Towards a Cloud-ready Cancer Genomics Analysis Pipeline

Marco Albuquerque, Bruno Grande, and Ryan D. Morin

An inherent problem in data-driven biology is the multi-disciplinary skill set required of the scientist to draw meaningful inferences from complex data sets. Over the past decade, this has been exacerbated by new technologies such as next-generation sequencing, which have greatly accelerated the rate at which data is being produced. To facilitate efficient handling of these increasingly large data sets, myriad algorithms have been developed to perform various bioinformatic tasks. In the data-intensive field of cancer genomics, these include computational methods for sequence alignment/mapping and variant detection. However, each software tool is typically run from the command line with an often cryptic combination of parameters, creating a tremendous barrier for new users. Graphical user interfaces—which are sorely lacking in the field of bioinformatics—can broaden the usage of these powerful computational methods by effectively eliminating their steep learning curve. This can be achieved using the Galaxy platform, which provides a unified graphical user interface for running software.
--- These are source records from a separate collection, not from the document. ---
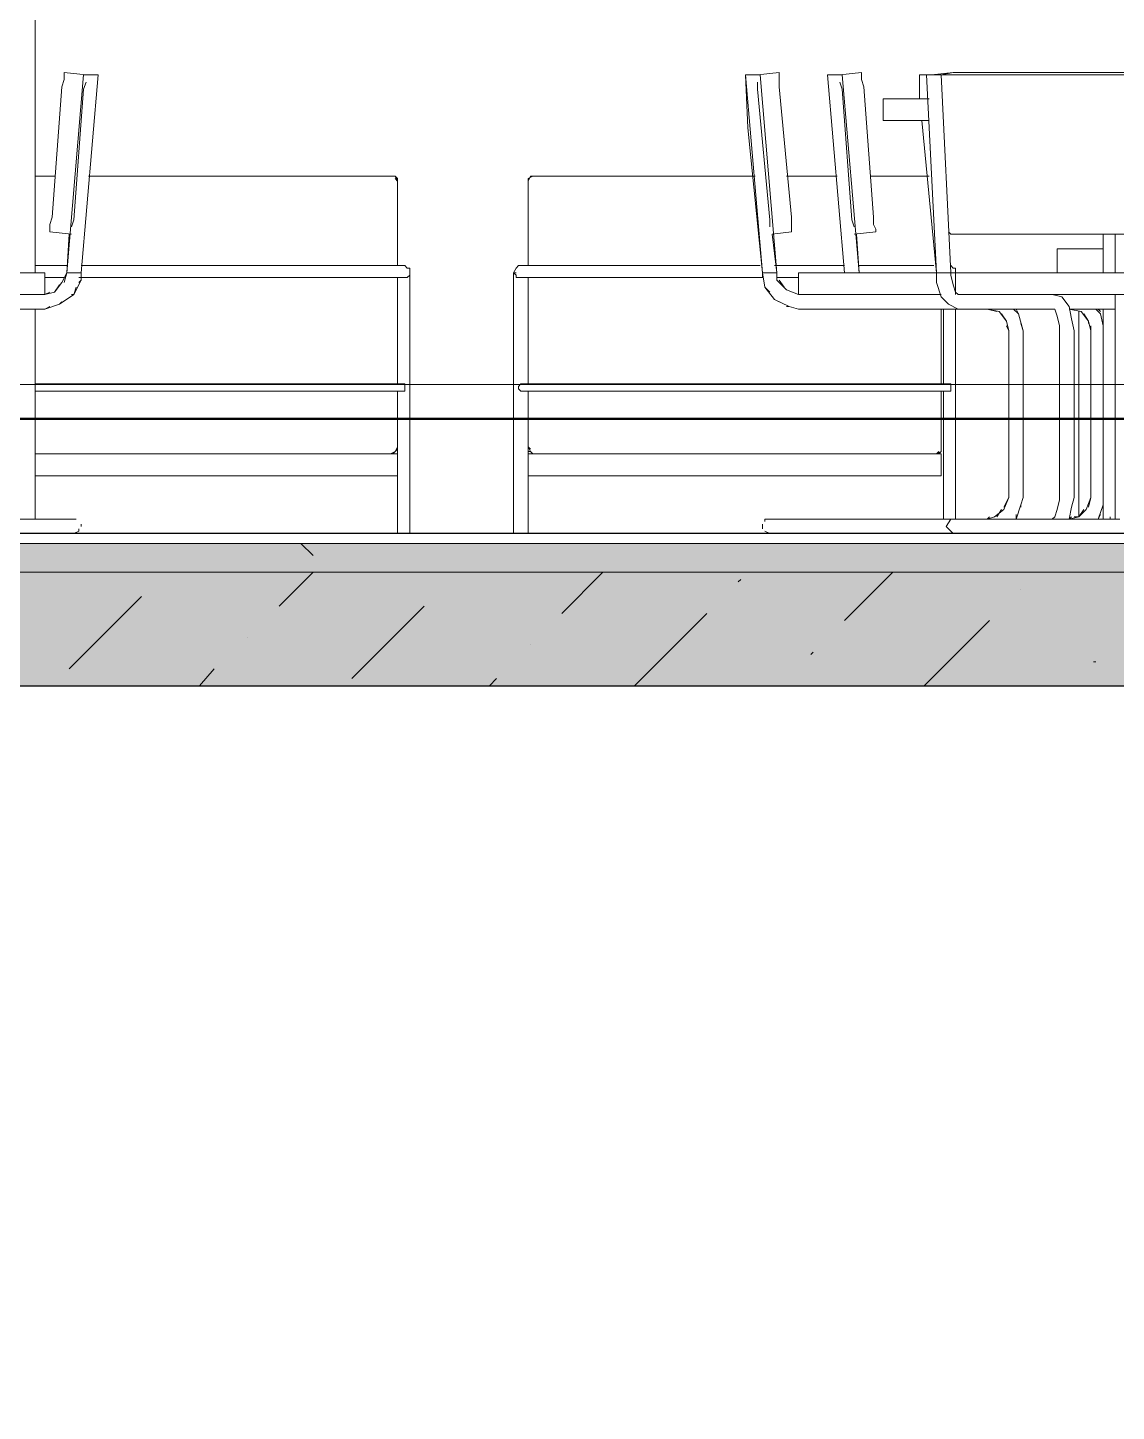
# Model space of a CAD drawing. Header units: millimetres. Extents: x -6983 to 114033, y -5968 to 36007.
# Drawn here: x 77117 to 79024, y 564 to 2989 of the extents above; entities that cross this region are included whole.
import ezdxf

# ---------------------------------------------------------------- set-up
doc = ezdxf.new("R2010")
doc.units = ezdxf.units.MM
doc.layers.add('PDF _Геометрия', color=7, linetype='Continuous')
doc.layers.add('PDF _Сплошная заливка', color=7, linetype='Continuous', true_color=0xffffff)

msp = doc.modelspace()

# ---------------------------------------------------------------- hatches: boundary and pattern name
at = {"layer": 'PDF _Сплошная заливка', "transparency": 33554559}
for points in [[(76880.3, 2085.1), (76880.3, 2034.3), (85880.3, 2034.3), (85880.3, 2085.1)], [(72380.3, 2034.3), (72380.3, 1835.4), (97179, 1835.4), (97179, 2034.3)]]:
    msp.add_hatch(color=256, dxfattribs=at).paths.add_polyline_path(points)

# ---------------------------------------------------------------- linework, layer by layer
at = {"layer": 'PDF _Геометрия', "lineweight": 9}
for points in [[(77130.1, 5526.8), (77130.1, 2559.3)], [(77130.1, 2495.8), (77130.1, 2127.5)], [(74321.5, 2363.6), (81505.5, 2363.6), (81505.5, -2716.3), (74321.5, -2716.3)], [(85880.3, 2085.1), (76880.3, 2085.1), (76880.3, 2034.3), (85880.3, 2034.3), (76880.3, 2034.3), (76778.7, 2034.3), (76778.7, 2102.1)], [(77595.7, 2085.1), (77616.9, 2064)], [(77557.6, 1975.1), (77616.9, 2034.3)], [(77870.9, 2034.3), (77870.9, 2034.3)], [(78052.9, 1962.4), (78124.9, 2034.3)], [(78362, 2017.4), (78366.2, 2021.6)], [(78548.2, 1949.7), (78632.9, 2034.3)], [(77189.3, 1865), (77316.3, 1992)], [(78857.2, 2004.7), (78857.2, 2004.7)], [(77684.6, 1848.1), (77811.6, 1975.1)], [(78179.9, 1835.4), (78306.9, 1962.4)], [(78687.9, 1835.4), (78802.2, 1949.7)], [(77502.6, 1920), (77502.6, 1920)], [(77997.9, 1907.3), (77997.9, 1907.3)], [(78488.9, 1890.4), (78493.2, 1894.6)], [(78984.2, 1877.7), (78988.5, 1877.7)], [(77417.9, 1835.4), (77443.3, 1865)], [(77925.9, 1835.4), (77938.6, 1848.1)], [(78433.9, 1835.4), (78433.9, 1835.4)]]:
    msp.add_lwpolyline(points, dxfattribs=at)
at = {"layer": 'PDF _Геометрия', "color": 253, "lineweight": 9, "true_color": 0xababab}
for points in [[(77219, 2906.4), (77214.7, 2906.4), (77219, 2906.4), (77223.2, 2906.4), (77219, 2906.4), (77223.2, 2906.4), (77219, 2906.4), (77180.9, 2910.6), (77180.9, 2906.4), (77180.9, 2897.9), (77176.6, 2885.2), (77159.7, 2656.6)], [(77176.6, 2885.2), (77180.9, 2897.9), (77180.9, 2906.4), (77180.9, 2910.6)], [(78455.1, 2631.2), (78455.1, 2635.5), (78455.1, 2643.9), (78455.1, 2656.6), (78433.9, 2885.2), (78433.9, 2897.9), (78433.9, 2906.4), (78433.9, 2910.6), (78395.8, 2906.4), (78391.6, 2906.4), (78395.8, 2906.4), (78391.6, 2906.4), (78387.4, 2906.4), (78383.1, 2906.4)], [(78433.9, 2885.2), (78433.9, 2897.9), (78433.9, 2906.4), (78433.9, 2910.6)], [(78467.8, 2521.2), (78480.5, 2521.2), (78493.2, 2521.2), (78717.5, 2521.2), (78467.8, 2521.2), (78446.6, 2529.6), (78467.8, 2521.2), (78467.8, 2559.3), (78480.5, 2559.3), (78493.2, 2559.3), (78709.1, 2559.3), (78713.3, 2559.3), (78717.5, 2559.3), (78721.8, 2559.3), (78726, 2559.3), (78730.2, 2559.3), (78734.5, 2559.3), (78717.5, 2906.4), (78738.7, 2910.6), (78700.6, 2906.4), (78696.4, 2906.4), (78692.1, 2906.4), (78696.4, 2906.4), (78692.1, 2906.4), (78696.4, 2906.4), (78700.6, 2906.4), (78696.4, 2906.4), (78700.6, 2906.4), (78696.4, 2906.4), (78700.6, 2906.4), (78704.8, 2906.4), (78700.6, 2906.4), (78704.8, 2906.4)], [(78603.2, 2631.2), (78603.2, 2635.5), (78599, 2643.9), (78599, 2656.6), (78582.1, 2885.2), (78577.8, 2897.9), (78577.8, 2906.4), (78577.8, 2910.6), (78539.7, 2906.4), (78531.3, 2906.4), (78539.7, 2906.4), (78531.3, 2906.4), (78539.7, 2906.4), (78544, 2906.4), (78573.6, 2559.3), (78569.4, 2559.3), (78573.6, 2559.3), (78569.4, 2627)], [(78582.1, 2885.2), (78577.8, 2897.9), (78577.8, 2906.4), (78577.8, 2910.6)], [(79187.4, 2864.1), (79187.4, 2906.4), (79179, 2906.4), (79174.7, 2906.4), (79170.5, 2906.4), (79081.6, 2906.4), (79068.9, 2910.6), (78742.9, 2910.6), (78738.7, 2910.6)], [(77172.4, 2538.1), (77163.9, 2525.4), (77176.6, 2542.3), (77185.1, 2559.3), (77214.7, 2906.4), (77219, 2906.4), (77214.7, 2906.4)], [(77206.3, 2542.3), (77210.5, 2546.6), (77210.5, 2559.3), (77240.1, 2906.4), (77235.9, 2906.4), (77231.7, 2906.4), (77223.2, 2906.4), (77231.7, 2906.4), (77235.9, 2906.4), (77240.1, 2906.4), (77210.5, 2559.3), (77206.3, 2559.3), (77202, 2559.3), (77197.8, 2559.3), (77193.6, 2559.3), (77189.3, 2559.3), (77185.1, 2559.3)], [(77219, 2893.7), (77214.7, 2881), (77197.8, 2652.4), (77193.6, 2639.7)], [(77214.7, 2906.4), (77214.7, 2906.4)], [(77240.1, 2906.4), (77240.1, 2906.4)], [(78446.6, 2529.6), (78429.7, 2546.6), (78429.7, 2559.3), (78400.1, 2906.4), (78395.8, 2906.4), (78391.6, 2906.4), (78387.4, 2906.4), (78383.1, 2906.4), (78378.9, 2906.4), (78374.7, 2906.4), (78404.3, 2559.3), (78404.3, 2550.8), (77981, 2550.8), (77976.7, 2550.8), (77972.5, 2550.8), (77972.5, 2555), (77968.3, 2559.3), (77972.5, 2567.7), (77976.7, 2572), (77981, 2572), (77985.2, 2572), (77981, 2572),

Still, the small number of incorporated tools on this platform restricts users to simple analyses. To directly address this deficiency, we’re introducing a cancer genomics toolbox in Galaxy. Currently, our toolbox includes 20 new Galaxy tools spanning several sub-categories, notably variant calling (for single nucleotide variants, copy number variations and structural variations), visualization and additional helper tools for integrating and summarizing results. These tools have been linked with existing Galaxy tools forming 5 workflows, which are reproducible bioinformatic pipelines. Following Galaxy best practices, automatic tool installation exists for every tool allowing for a seamless installation. All tools and workflows have been developed to ensure optimal parallelism on a cluster environment. Additionally, our cancer genomics toolbox can easily be deployed onto a cloud-based instance of Galaxy, eliminating the need for permanent access to commodity computing hardware. In summary, our Galaxy toolbox will accelerate cancer research by empowering researchers to perform their own cancer genome analyses with unprecedented accessibility.